Figure 3 shows the AUC metric of each method for haberman, transfusion, pima, phonem,e and letter data sets. The results show that the proposed CQEnsemble method obtains the highest average AUC among these compared methods. These methods are equivalent for letter data set. After all, SMOTE method is the weakest in 5 methods; EasyEnsemble method is slightly better than AdaBoost, SMOTE, and SMOTEBoost, while CQEnsemble method is better than EasyEnsemble method. The results show that the CQEnsemble method effectively avoids the shortages of resampling methods.

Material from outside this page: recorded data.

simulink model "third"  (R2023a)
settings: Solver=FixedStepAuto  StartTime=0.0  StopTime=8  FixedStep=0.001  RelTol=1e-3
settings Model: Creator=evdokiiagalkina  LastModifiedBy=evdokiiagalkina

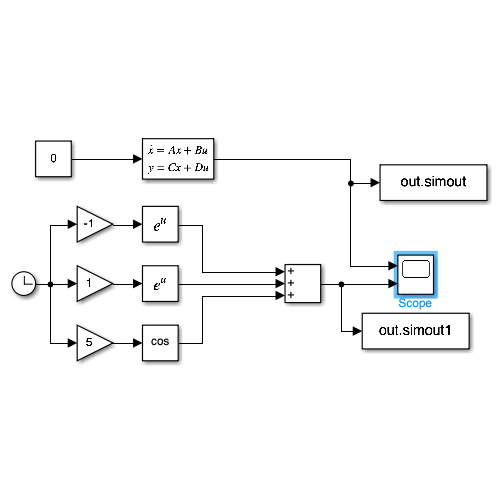
[thumbnail: Simulink's stored preview of the top-level diagram]
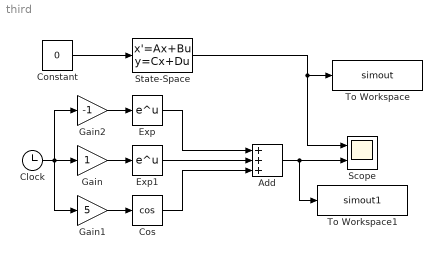
== system third ==
  Add : Sum  Inputs=+++
  Clock : Clock
  Constant : Constant  Value=0  SampleTime=-1
  Cos : Trigonometry  Operator=cos  OutputSignalType=real
  Exp : Math  OutputSignalType=real
  Exp1 : Math  OutputSignalType=real
  Gain : Gain
  Gain1 : Gain  Gain=5
  Gain2 : Gain  Gain=-1
  Scope : Scope  NumInputPorts=2
  State-Space : StateSpace  A=[1,0,0,0;0,-1,0,0;0,0,0,5;0,0,-5,0]  B=[0;0;0;0]  C=[1, 1,1, 1]  D=0  InitialCondition=[1;1;0.5;0.5]
  To Workspace : ToWorkspace  VariableName=simout  SaveFormat=Timeseries  SampleTime=-1
  To Workspace1 : ToWorkspace  VariableName=simout1  SaveFormat=Timeseries  SampleTime=-1
  wires:
  Constant/1 -> State-Space/1
  Exp/1 -> Add/1
  Exp1/1 -> Add/2
  Cos/1 -> Add/3
  Clock/1 -> Gain2/1, Gain/1, Gain1/1
  Gain2/1 -> Exp/1
  Gain1/1 -> Cos/1
  Add/1 -> Scope/2, To Workspace1/1
  Gain/1 -> Exp1/1
  State-Space/1 -> Scope/1, To Workspace/1

CQEnsemble attains higher average F-measure, G-mean, and AUC than almost all the other methods, except that CQEnsemble is slightly worse comparable to EasyEnsemble with F-measure, G-mean, and AUC on transfusion data set. The experimental results imply that the proposed CQEnsemble method is better than AdaBoost, SMOTE, SMOTEBoost, and EasyEnsemble methods on most of data sets. These experiments also indicate that the combination of division-boost method and cost-sensitive learning can further improve the performance of imbalanced learning.

6. Conclusions

In this paper, we propose CQEnsemble method based on cost-sensitive SVM and QBC to solve imbalanced data classification. CQEnsemble method divides the majority class into several subsets according to the proportion of imbalance samples. CQEnsemble method selects the effective training samples to join the last training set based on QBC active learning algorithm, so it avoids the shortages of the over-sampling and under-sampling. Experiment results show that the proposed method has higher F-measure, G-mean, and AUC than many existing class-imbalance learning methods.

Acknowledgments

This work is supported by China Postdoctoral Science Foundation (no. 20110491530) and Science Research Plan of Liaoning Education Bureau (no. L2011186).